Data entries
════════════════════
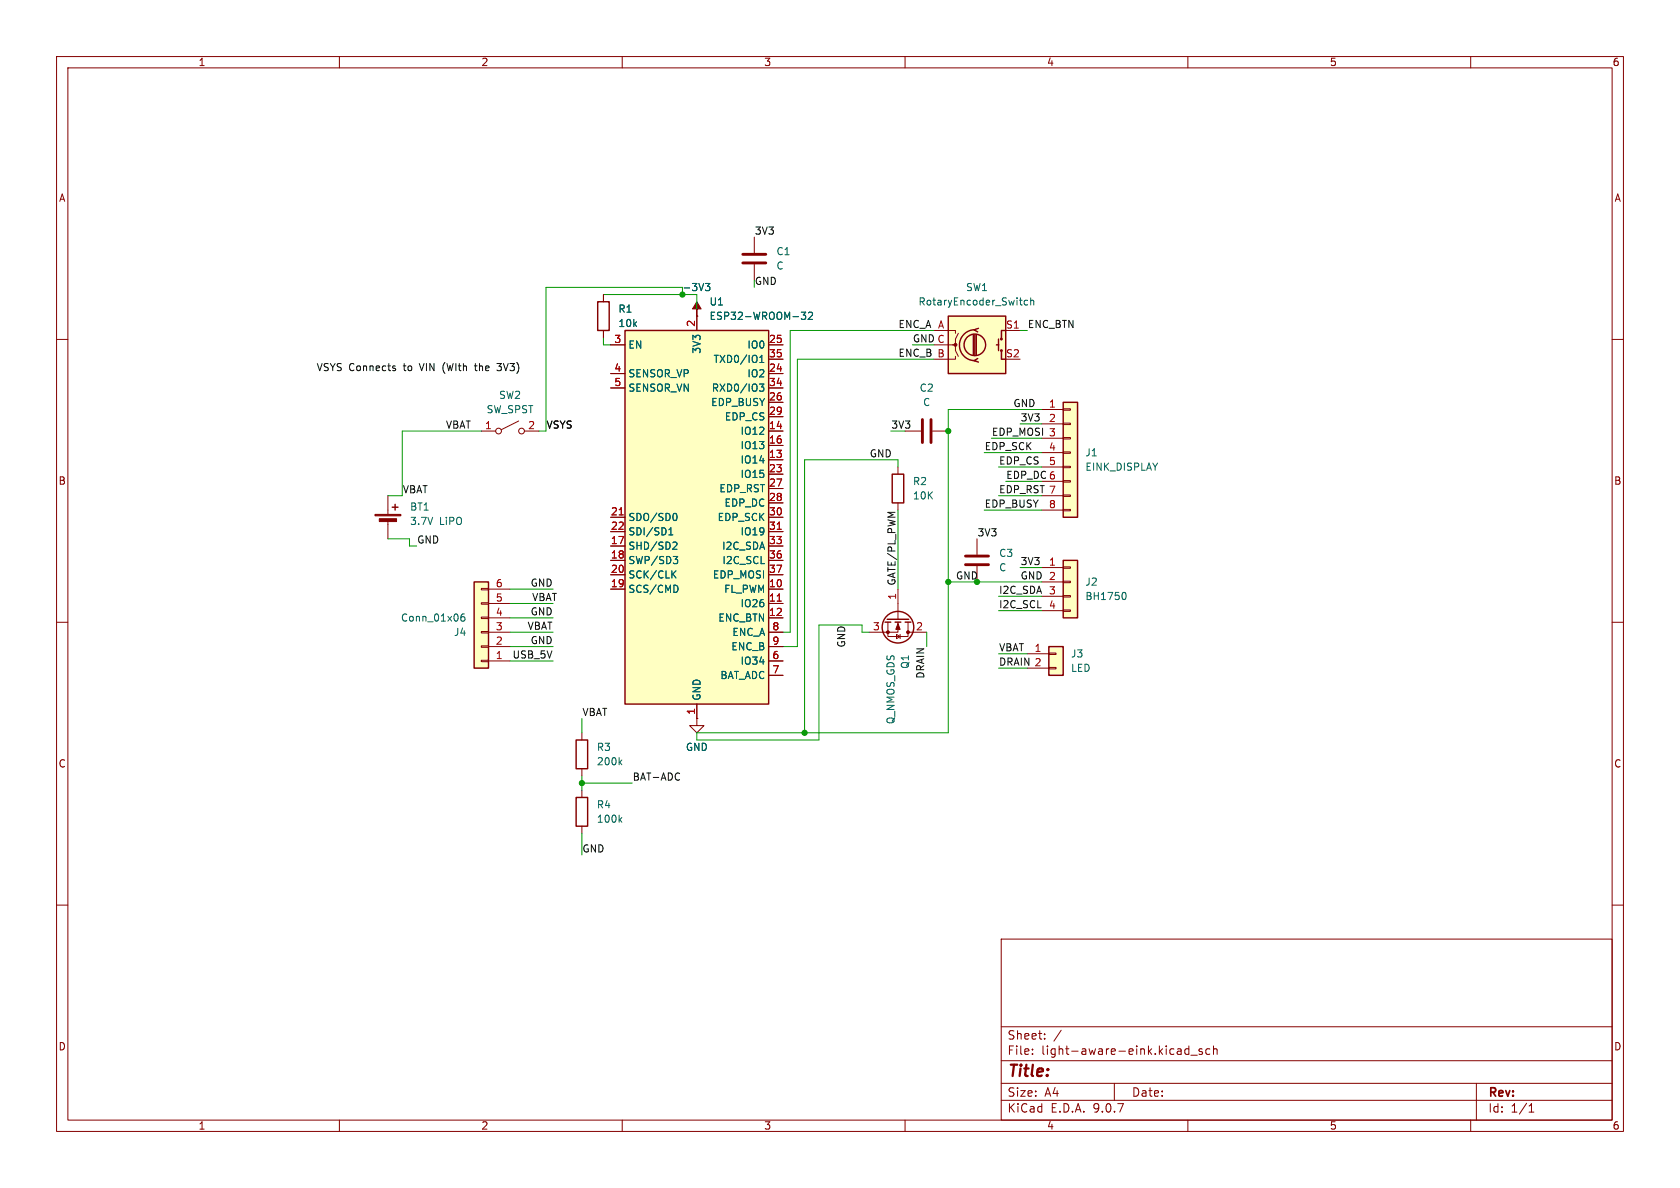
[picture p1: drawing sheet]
<svg xmlns="http://www.w3.org/2000/svg" width="297mm" height="210mm" viewBox="0 0 297 210" stroke-linecap="round" stroke-linejoin="round" font-family="sans-serif">
<g fill="none" stroke="#840000" stroke-width=".18">
<path d="M10 10h277v190h-277zM12 12h273v186h-273zM60 10v2M110 10v2M160 10v2M210 10v2M260 10v2M133.3 41.9v2.8M133.3 46.7v2.8M10 60h2M160 76.2h2.8M164.8 76.2h2.8"/>
<path d="M285 60h2M68.6 87.6v3.3M68.6 91.9v3.4M172.7 95.3v2.7M10 110h2M172.7 100.1v2.8M285 110h2M10 160h2M177 166h108v32h-108zM285 160h2M60 198v2M110 198v2"/>
<path d="M160 198v2M177 194.5h108M177 191.5h108M177 187.5h108M177 181.5h108M182.5 186.3v.1M182.5 185.5v.1M184.7 183.6v.1M184.7 182.8v.1M187.6 182.1l-1.3 2M197 191.5v3M210 198v2"/>
<path d="M210.2 184.9v1.5M210.2 185.5l-.5-.1-.2 .3v.4l.1 .2h.6M210.5 186.5h1.2M212.5 185.5l-.3-.1-.2 .2v.2l.5 .2v.3h-.5M213.9 185.5l-.4-.1-.3 .3v.4l.1 .2h.6M214.5 185.5l.2-.1 .4 .1 .1 .9M214.5 184.9v1.5M260 198v2M261 191.5v6.5M270.3 196.6h.9M270.3 195.5l.4-.4v1.5"/>
</g>
<path d="M131.3 45h4.1M131.3 46.5h4.1M163.1 74.2v4M164.6 74.2v4M170.7 98.3h4.1M170.7 99.8h4.1" fill="none" stroke="#840000" stroke-width=".51"/>
<g fill="#840000" stroke="#840000" stroke-width=".18">
<path d="M66.3 90.9h4.6v.3h-4.6z"/>
<path d="M67.1 91.7h3v.5h-3z"/>
</g>
<path d="M69.3 89.7h1.1M69.8 89.2v1" fill="none" stroke="#840000" stroke-width=".25"/>
<path d="M185.4 114.3h2.6v5.1h-2.6z" fill="#ffffc2"/>
<path d="M185.4 114.3h2.6v5.1h-2.6z" fill="none" stroke="#840000" stroke-width=".25"/>
<path d="M181.6 115.6h3.8M181.6 118.1h3.8M185.4 115.4h1.3v.3h-1.3zM185.4 118h1.3v.2h-1.3z" fill="none" stroke="#840000" stroke-width=".18"/>
<path d="M188 99.1h2.5v10.1h-2.5z" fill="#ffffc2"/>
<path d="M188 99.1h2.5v10.1h-2.5z" fill="none" stroke="#840000" stroke-width=".25"/>
<path d="M184.1 100.3h3.9M184.1 102.9h3.9M184.1 105.4h3.9M184.1 108h3.9M188 100.2h1.2v.3h-1.2zM188 102.7h1.2v.3h-1.2zM188 105.3h1.2v.2h-1.2zM188 107.8h1.2v.3h-1.2z" fill="none" stroke="#840000" stroke-width=".18"/>
<path d="M198.7 104.7a.68 .68 0 0 1 .4 .7 .68 .68 0 0 1-.4 .6" fill="none" stroke="#006464" stroke-width=".18"/>
<path d="M188 71.1h2.5v20.3h-2.5z" fill="#ffffc2"/>
<path d="M188 71.1h2.5v20.3h-2.5zM101.9 141h2v5.1h-2z" fill="none" stroke="#840000" stroke-width=".25"/>
<g fill="none" stroke="#840000" stroke-width=".18">
<path d="M184.1 72.4h3.9M184.1 74.9h3.9M184.1 77.5h3.9M188 72.3h1.2v.2h-1.2zM188 74.8h1.2v.3h-1.2zM188 77.3h1.2v.3h-1.2zM188 79.9h1.2v.2h-1.2zM184.1 80h3.9M184.1 82.6h3.9M184.1 85.1h3.9M184.1 87.6h3.9M184.1 90.2h3.9"/>
<path d="M188 82.4h1.2v.3h-1.2zM188 85h1.2v.2h-1.2zM188 87.5h1.2v.3h-1.2zM188 90h1.2v.3h-1.2zM102.9 139.7v1.3M102.9 146.1v1.2"/>
</g>
<path d="M109.6 144.9l.3 .5M109.9 144.5l-.4 .5" fill="none" stroke="#006464" stroke-width=".18"/>
<path d="M83.8 102.9h2.6v15.2h-2.6z" fill="#ffffc2"/>
<path d="M83.8 102.9h2.6v15.2h-2.6z" fill="none" stroke="#840000" stroke-width=".25"/>
<g fill="none" stroke="#840000" stroke-width=".18">
<path d="M123.2 55.9h.1M85.1 116.7h1.3v.3h-1.3zM85.1 114.2h1.3v.2h-1.3zM85.1 111.6h1.3v.3h-1.3zM85.1 109.1h1.3v.2h-1.3zM85.1 106.6h1.3v.2h-1.3zM85.1 104h1.3v.3h-1.3zM86.4 116.8h3.8M86.4 114.3h3.8M86.4 111.8h3.8M86.4 109.2h3.8M86.4 106.7h3.8"/>
<path d="M86.4 104.1h3.8"/>
</g>
<path d="M124.7 50.1h.8l-.4 .5 .3 .1v.6l-.2 .1-.4-.1M82.1 108.5l-.4 .1a.86 .86 0 0 0 0 1.2l.4-.1 .1-.4-.2-.3h-.3l-.2 .3" fill="none" stroke="#006464" stroke-width=".18"/>
<path d="M123.2 53.3l.8 1.3h-.8v1.3v-1.3h-.8z" fill="#840000" stroke="#840000" stroke-width=".18"/>
<path d="M167.6 55.9h10.2v10.1h-10.2z" fill="#ffffc2"/>
<g fill="none" stroke="#840000" stroke-width=".25">
<path d="M167.6 55.9h10.2v10.1h-10.2zM172.1 59.2v3.5M172.3 58.3a2.73 2.73 0 0 0-2.7 2.7 2.73 2.73 0 0 0 2.7 2.8M172.3 59.2v3.5M172.6 59.2v3.5M173 58l-.8 .3 .6 .4M176.5 59.9v2.1M177.8 58.4h-.8v1.5M172.8 63.4l-.6 .4 .8 .2M176.1 61h.4M177 62v1.5h.8M156.5 110h1"/>
<path d="M156.8 109.5h3.9M158.2 110h1.1M160 110h1M101.9 130.8h2v5.1h-2z"/>
<circle cx="177" cy="59.9" r=".13"/>
<circle cx="172.3" cy="61" r="1.9"/>
<circle cx="177" cy="62" r=".13"/>
<circle cx="158.7" cy="110.9" r="2.79"/>
</g>
<g fill="none" stroke="#840000" stroke-width=".18">
<path d="M165.1 58.4h3.8v.5M169.4 58.9l-.5 1v1.1h-.5M177.8 58.4h2.5M85.1 76.2h2.5M91.7 74.4l-3.1 1.5M92.7 76.2h2.5M165.1 61h3.8v1l.5 1M168.9 63v.5h-3.8M157 110v2.5h3.5v-2.5M158.5 112.1l.6 .4-.6 .4zM158.7 110v1.8h-5M158.7 104.1v5.4"/>
<path d="M159.1 112.1v.8M160.5 111.8h3.3M102.9 129.5v1.3M102.9 135.9v1.3M123.2 127v1.3h1.3l-1.3 1.2-1.3-1.2h1.3M123.2 127h.1"/>
<circle cx="88.1" cy="76.2" r=".51"/>
<circle cx="92.2" cy="76.2" r=".51"/>
</g>
<g fill="#840000" stroke="#840000" stroke-width=".18">
<path d="M158.7 110.2l.4 1.1h-.7z"/>
<circle cx="168.9" cy="61" r=".25"/>
<circle cx="160.5" cy="111.8" r=".25"/>
<circle cx="157" cy="111.8" r=".25"/>
</g>
<path d="M181.7 53.1h-.4l-.2 .2 .1 .6h.5M182.2 53.2l.2-.1h.3l.1 .8M182.2 52.6v1.3M109.6 134.7l.3 .5M109.9 134.4l-.4 .4" fill="none" stroke="#006464" stroke-width=".18"/>
<path d="M110.5 58.4h25.4v66.1h-25.4z" fill="#ffffc2"/>
<path d="M105.7 53.3h2v5.1h-2zM110.5 58.4h25.4v66.1h-25.4zM157.7 83.8h2.1v5.1h-2.1z" fill="none" stroke="#840000" stroke-width=".25"/>
<g fill="none" stroke="#840000" stroke-width=".18">
<path d="M106.7 52.1v1.2M106.7 58.4v1.3M123.2 55.9h.1M123.2 55.9v2.5M107.9 61h2.6M107.9 66h2.6M107.9 68.6h2.6M135.9 61h2.5M135.9 66h2.5M135.9 68.6h2.5M135.9 63.5h2.5M135.9 71.1h2.5"/>
<path d="M135.9 73.7h2.5M135.9 76.2h2.5M135.9 78.7h2.5M107.9 91.4h2.6M107.9 94h2.6M107.9 96.5h2.6M107.9 99.1h2.6M135.9 91.4h2.5M135.9 94h2.5M135.9 96.5h2.5M135.9 99.1h2.5M135.9 81.3h2.5"/>
<path d="M135.9 83.8h2.5M135.9 86.4h2.5M135.9 88.9h2.5M158.7 82.6v1.2M158.7 88.9v1.3M107.9 101.6h2.6M107.9 104.1h2.6M135.9 101.6h2.5M135.9 104.1h2.5M135.9 106.7h2.5M135.9 109.2h2.5M135.9 111.8h2.5"/>
<path d="M135.9 114.3h2.5M135.9 116.8h2.5M135.9 119.4h2.5M123.2 127h.1M123.2 124.5v2.5"/>
</g>
<g fill="none" stroke="#006464" stroke-width=".18">
<path d="M124.7 50.1h.8l-.4 .5 .3 .1v.6l-.2 .1-.4-.1M141.7 55.2h.7l-.4 .5 .4 .1v.5l-.2 .2-.5-.2M142.9 55.3l.5-.1 .2 .4-.7 .9h.7M134.3 67.9h.7l-.4 .5 .4 .1v.5l-.2 .2-.5-.1M134.3 64.1h.7M134.3 63.2l.4-.4v1.3M118.2 94.6h.8M118.2 93.7l.4-.4v1.3M119 98.4h.8l-.4 .5 .3 .1 .1 .4-.2 .2h-.4M119.1 95.8l.5 .1 .1 .3-.8 .9h.8M119.3 90.7a.68 .68 0 0 1 .4 .7 .68 .68 0 0 1-.4 .6M119 101.5l.5 .7"/>
<path d="M119.5 100.9l-.7 .7M119.6 103.5l.3 .5-.3 .7"/>
</g>
<path d="M109.5 91h.7M137.4 93.6h.7M137.4 106.3h.7" fill="none" stroke="#a90000" stroke-width=".18"/>
<path d="M69.6 65.1l.3 .1v.1l-.1 .2h-.3M69.6 64.7h.3M83.9 64.7h.4M84 64.3l.1 1.2M87.9 65.4l.5 .1M87.9 64.3h.7l-.4 .4h.2M119.9 136.6l.2 .2M120.1 137.8l-.2 .1" fill="none" stroke="#0f0f0f" stroke-width=".18"/>
<g fill="none" stroke="#009600" stroke-width=".18">
<path d="M106.7 59.7v1.3h1.2M106.7 52.1h13.9M120.6 50.8h-24.1v25.4h-1.3M123.2 52.1v2.5M165.1 58.4h-25.4v53.4h-1.3M180.3 58.4h1.3M85.1 76.2h-14v11.4h-2.5M161.3 61h3.8M165.1 63.5h-24.1v50.8h-2.6M175.3 77.5h8.8M180.3 74.9h3.8M184.1 72.4h-16.5v57.1h-44.4v1.3h21.6v-20.3h7.6v1.3h1.3"/>
<path d="M68.6 95.3h3.8v1.2h1.3M158.7 82.6v-1.3h-16.5v48.2M158.7 90.2v13.9M174 80h10.1M174 90.2h10.1M176.5 87.6h7.6M176.5 82.6h7.6M177.8 85.1h6.3M90.2 109.2h7.6M90.2 111.8h7.6M90.2 114.3h7.6M90.2 116.8h7.6"/>
<path d="M90.2 106.7h7.6M90.2 104.1h7.6M163.8 111.8v2.5M167.6 102.9h16.5M176.5 108h7.6M176.5 115.6h5.1M176.5 105.4h7.6M176.5 118.1h5.1M180.3 100.3h3.8M102.9 127v2.5M102.9 137.2v2.5M102.9 138.4h8.9"/>
<path d="M102.9 147.3v3.8"/>
</g>
<g fill="#009600" stroke="#009600" stroke-width=".18">
<circle cx="167.6" cy="76.2" r=".46"/>
<circle cx="120.6" cy="52.1" r=".46"/>
<circle cx="172.7" cy="102.9" r=".46"/>
<circle cx="167.6" cy="102.9" r=".46"/>
<circle cx="142.2" cy="129.5" r=".46"/>
<circle cx="102.9" cy="138.4" r=".46"/>
</g>
<text font-size="2.8" fill="#840000" x="178" y="190.9">Title:</text>
<g font-size="2.1" fill="#840000">
<text x="178" y="184">Sheet:</text>
<text x="178" y="186.7">File:</text>
<text x="184.1" y="186.7">light-aware-eink.kicad_sch</text>
<text x="178" y="196.9">KiCad</text>
<text x="178" y="194.1">Size:</text>
<text x="184.7" y="194.1">A4</text>
<text x="185.7" y="196.9">E.D.A.</text>
<text x="193.3" y="196.9">9.0.7</text>
<text x="200" y="194.1">Date:</text>
<text x="263" y="194.3">Rev:</text>
<text x="263" y="196.9">Id:</text>
<text x="267.1" y="196.9">1/1</text>
</g>
<g font-size="1.8" fill="#840000">
<text x="35" y="11.9">1</text>
<text x="85" y="11.9">2</text>
<text x="135" y="11.9">3</text>
<text x="185" y="11.9">4</text>
<text x="235" y="11.9">5</text>
<text x="285" y="11.9">6</text>
<text x="10.3" y="35.9">A</text>
<text x="285.3" y="35.9">A</text>
<text x="10.3" y="85.9">B</text>
<text x="285.3" y="85.9">B</text>
<text x="10.3" y="135.9">C</text>
<text x="285.3" y="135.9">C</text>
<text x="10.3" y="185.9">D</text>
<text x="285.3" y="185.9">D</text>
<text x="35" y="199.9">1</text>
<text x="85" y="199.9">2</text>
<text x="135" y="199.9">3</text>
<text x="185" y="199.9">4</text>
<text x="235" y="199.9">5</text>
<text x="285" y="199.9">6</text>
</g>
<g font-size="1.8" fill="#0f0f0f">
<text x="133.3" y="41.6">3V3</text>
<text x="158.7" y="58.1">ENC_A A</text>
<text x="181.6" y="58.1">ENC_BTN</text>
<text x="55.9" y="65.7">VSYS Connects</text>
<text x="71.5" y="65.7">to</text>
<text x="74.5" y="65.7">VIN</text>
<text x="78.7" y="65.7">(WIth</text>
<text x="84.7" y="65.7">the</text>
<text x="88.8" y="65.7">3V3)</text>
<text x="158.7" y="63.2">ENC_B B</text>
<text x="161.3" y="60.6">GND C</text>
<text x="78.7" y="75.9">VBAT</text>
<text x="96.5" y="75.9">VSYS</text>
<text x="175.3" y="77.1">EDP_MOSI 3</text>
<text x="179.1" y="72">GND</text>
<text x="180.3" y="74.6">3V3</text>
<text x="153.7" y="80.9">GND</text>
<text x="174" y="79.7">EDP_SCK</text>
<text x="176.5" y="82.2">EDP_CS</text>
<text x="71.1" y="87.3">VBAT</text>
<text x="174" y="89.8">EDP_BUSY</text>
<text x="176.5" y="87.3">EDP_RST 7</text>
<text x="177.8" y="84.7">EDP_DC 6</text>
<text x="172.7" y="94.9">3V3</text>
<text x="73.7" y="96.2">GND</text>
<text x="180.3" y="100">3V3</text>
<text x="93.7" y="103.8">GND</text>
<text x="94" y="106.3">VBAT</text>
<text x="158.4" y="103.6" transform="rotate(-90 158.4 103.6)">GATE/PL_PWM</text>
<text x="168.9" y="102.5">GND</text>
<text x="176.5" y="105.1">I2C_SDA</text>
<text x="176.5" y="107.6">I2C_SCL</text>
<text x="180.3" y="102.5">GND 2</text>
<text x="93.2" y="111.4">VBAT</text>
<text x="93.7" y="108.9">GND</text>
<text x="93.7" y="114">GND</text>
<text x="90.5" y="116.5">USB_5V</text>
<text x="149.5" y="114.6" transform="rotate(-90 149.5 114.6)">GND</text>
<text x="176.5" y="115.2">VBAT</text>
<text x="176.5" y="117.8">DRAIN 2</text>
<text x="163.5" y="120.1" transform="rotate(-90 163.5 120.1)">DRAIN</text>
<text x="102.9" y="126.7">VBAT</text>
<text x="111.8" y="138.1">BAT-ADC</text>
<text x="102.9" y="150.8">GND</text>
</g>
<g font-size="1.8" fill="#006464">
<text x="137.2" y="45.3">C1</text>
<text x="137.2" y="47.9">C</text>
<text x="120.5" y="51.7">-3V3</text>
<text x="170.7" y="51.7">SW1</text>
<text x="109.2" y="55.5">R1</text>
<text x="109.2" y="58">10k</text>
<text x="125.3" y="56.7">ESP32-WROOM-32</text>
<text x="125.3" y="54.2">U1</text>
<text x="162.3" y="54.2">RotaryEncoder_Switch</text>
<text x="111" y="61.8">EN</text>
<text x="124.1" y="62.6" transform="rotate(-90 124.1 62.6)">3V3</text>
<text x="126" y="64.4">TXD0/IO1</text>
<text x="132" y="61.8">IO0</text>
<text x="88.1" y="70.7">SW2</text>
<text x="111" y="66.9">SENSOR_VP</text>
<text x="111" y="69.4">SENSOR_VN</text>
<text x="125.6" y="72">EDP_BUSY</text>
<text x="125.7" y="69.4">RXD0/IO3</text>
<text x="132" y="66.9">IO2</text>
<text x="162.5" y="69.4">C2</text>
<text x="163.1" y="72">C</text>
<text x="85.9" y="73.3">SW_SPST</text>
<text x="128" y="74.5">EDP_CS</text>
<text x="130.8" y="77.1">IO12</text>
<text x="130.8" y="79.6">IO13</text>
<text x="130.8" y="82.1">IO14</text>
<text x="191.8" y="80.9">J1</text>
<text x="191.8" y="83.4">EINK_DISPLAY</text>
<text x="127.1" y="87.2">EDP_RST</text>
<text x="128" y="89.8">EDP_DC</text>
<text x="130.8" y="84.7">IO15</text>
<text x="161.3" y="86">R2</text>
<text x="161.3" y="88.5">10K</text>
<text x="72.4" y="90.5">BT1</text>
<text x="72.4" y="93">3.7V</text>
<text x="77.7" y="93">LiPO</text>
<text x="111" y="92.3">SDO/SD0</text>
<text x="111" y="94.8">SDI/SD1</text>
<text x="126.8" y="92.3">EDP_SCK</text>
<text x="130.8" y="94.8">IO19</text>
<text x="111" y="97.4">SHD/SD2</text>
<text x="111" y="99.9">SWP/SD3</text>
<text x="127.6" y="97.4">I2C_SDA</text>
<text x="127.6" y="99.9">I2C_SCL</text>
<text x="176.5" y="98.7">C3</text>
<text x="176.5" y="101.2">C</text>
<text x="111" y="102.5">SCK/CLK</text>
<text x="111" y="105">SCS/CMD</text>
<text x="125.9" y="102.5">EDP_MOSI</text>
<text x="127.9" y="105">FL_PWM</text>
<text x="130.8" y="107.5">IO26</text>
<text x="191.8" y="103.7">J2</text>
<text x="191.8" y="106.3">BH1750</text>
<text x="70.8" y="110.1">Conn_01x06</text>
<text x="80.2" y="112.6">J4</text>
<text x="126.9" y="110.1">ENC_BTN</text>
<text x="129.4" y="112.6">ENC_A</text>
<text x="129.2" y="115.2">ENC_B</text>
<text x="130.8" y="117.7">IO34</text>
<text x="160.9" y="118.3" transform="rotate(-90 160.9 118.3)">Q1</text>
<text x="189.2" y="116.4">J3</text>
<text x="189.2" y="119">LED</text>
<text x="124.1" y="124" transform="rotate(-90 124.1 124)">GND</text>
<text x="127.3" y="120.2">BAT_ADC</text>
<text x="158.3" y="128.1" transform="rotate(-90 158.3 128.1)">Q_NMOS_GDS</text>
<text x="105.4" y="132.9">R3</text>
<text x="105.4" y="135.5">200k</text>
<text x="121.2" y="132.9">GND</text>
<text x="105.4" y="143.1">R4</text>
<text x="105.4" y="145.6">100k</text>
</g>
<g font-size="1.8" fill="#009600">
<text x="133.3" y="50.5">GND</text>
<text x="157.5" y="75.9">3V3</text>
</g>
<g font-size="1.8" fill="#a90000">
<text x="122.9" y="57.9" transform="rotate(-90 122.9 57.9)">2</text>
<text x="177.8" y="58.2">S1</text>
<text x="108.5" y="60.7">3</text>
<text x="108.5" y="65.8">4</text>
<text x="135.8" y="60.7">25</text>
<text x="135.8" y="63.2">35</text>
<text x="135.8" y="65.8">24</text>
<text x="177.8" y="63.2">S2</text>
<text x="108.5" y="68.3">5</text>
<text x="135.8" y="68.3">34</text>
<text x="135.8" y="70.9">26</text>
<text x="85.7" y="75.9">1</text>
<text x="93.3" y="75.9">2</text>
<text x="135.8" y="73.4">29</text>
<text x="135.8" y="75.9">14</text>
<text x="185.3" y="72.1">1</text>
<text x="185.3" y="74.7">2</text>
<text x="135.8" y="78.5">16</text>
<text x="135.8" y="81">13</text>
<text x="135.8" y="83.6">23</text>
<text x="185.3" y="79.8">4</text>
<text x="185.3" y="82.3">5</text>
<text x="135.8" y="86.1">27</text>
<text x="135.8" y="88.6">28</text>
<text x="185.3" y="89.9">8</text>
<text x="107.9" y="91.2">21</text>
<text x="107.9" y="93.7">22</text>
<text x="135.8" y="91.2">30</text>
<text x="135.8" y="93.7">31</text>
<text x="107.9" y="96.3">17</text>
<text x="107.9" y="98.8">18</text>
<text x="107.9" y="101.3">20</text>
<text x="135.8" y="96.3">33</text>
<text x="135.8" y="98.8">36</text>
<text x="135.8" y="101.3">37</text>
<text x="185.3" y="100.1">1</text>
<text x="87.6" y="106.4">5</text>
<text x="87.6" y="103.9">6</text>
<text x="107.9" y="103.9">19</text>
<text x="135.8" y="103.9">10</text>
<text x="135.8" y="106.4">11</text>
<text x="158.5" y="106.1" transform="rotate(-90 158.5 106.1)">1</text>
<text x="185.3" y="105.2">3</text>
<text x="185.3" y="107.7">4</text>
<text x="87.6" y="111.5">3</text>
<text x="87.6" y="109">4</text>
<text x="135.8" y="109">12</text>
<text x="136.5" y="111.5">8</text>
<text x="154.2" y="111.5">3</text>
<text x="161.9" y="111.5">2</text>
<text x="87.6" y="116.6">1</text>
<text x="87.6" y="114">2</text>
<text x="136.5" y="114">9</text>
<text x="136.5" y="116.6">6</text>
<text x="136.5" y="119.1">7</text>
<text x="182.8" y="115.3">1</text>
<text x="122.9" y="126.4" transform="rotate(-90 122.9 126.4)">1</text>
</g>
</svg>
════════════════════
Exercise:
Give again, word for word, every line from the top of the data through the line with "115.6h3.8M181.6 118.1h3.8M185.4 115.4h1.3v.3h-1.3zM185.4", both ends included, and exclude the pictures.

Solution:
[picture p1: drawing sheet]
<svg xmlns="http://www.w3.org/2000/svg" width="297mm" height="210mm" viewBox="0 0 297 210" stroke-linecap="round" stroke-linejoin="round" font-family="sans-serif">
<g fill="none" stroke="#840000" stroke-width=".18">
<path d="M10 10h277v190h-277zM12 12h273v186h-273zM60 10v2M110 10v2M160 10v2M210 10v2M260 10v2M133.3 41.9v2.8M133.3 46.7v2.8M10 60h2M160 76.2h2.8M164.8 76.2h2.8"/>
<path d="M285 60h2M68.6 87.6v3.3M68.6 91.9v3.4M172.7 95.3v2.7M10 110h2M172.7 100.1v2.8M285 110h2M10 160h2M177 166h108v32h-108zM285 160h2M60 198v2M110 198v2"/>
<path d="M160 198v2M177 194.5h108M177 191.5h108M177 187.5h108M177 181.5h108M182.5 186.3v.1M182.5 185.5v.1M184.7 183.6v.1M184.7 182.8v.1M187.6 182.1l-1.3 2M197 191.5v3M210 198v2"/>
<path d="M210.2 184.9v1.5M210.2 185.5l-.5-.1-.2 .3v.4l.1 .2h.6M210.5 186.5h1.2M212.5 185.5l-.3-.1-.2 .2v.2l.5 .2v.3h-.5M213.9 185.5l-.4-.1-.3 .3v.4l.1 .2h.6M214.5 185.5l.2-.1 .4 .1 .1 .9M214.5 184.9v1.5M260 198v2M261 191.5v6.5M270.3 196.6h.9M270.3 195.5l.4-.4v1.5"/>
</g>
<path d="M131.3 45h4.1M131.3 46.5h4.1M163.1 74.2v4M164.6 74.2v4M170.7 98.3h4.1M170.7 99.8h4.1" fill="none" stroke="#840000" stroke-width=".51"/>
<g fill="#840000" stroke="#840000" stroke-width=".18">
<path d="M66.3 90.9h4.6v.3h-4.6z"/>
<path d="M67.1 91.7h3v.5h-3z"/>
</g>
<path d="M69.3 89.7h1.1M69.8 89.2v1" fill="none" stroke="#840000" stroke-width=".25"/>
<path d="M185.4 114.3h2.6v5.1h-2.6z" fill="#ffffc2"/>
<path d="M185.4 114.3h2.6v5.1h-2.6z" fill="none" stroke="#840000" stroke-width=".25"/>
<path d="M181.6 115.6h3.8M181.6 118.1h3.8M185.4 115.4h1.3v.3h-1.3zM185.4 118h1.3v.2h-1.3z" fill="none" stroke="#840000" stroke-width=".18"/>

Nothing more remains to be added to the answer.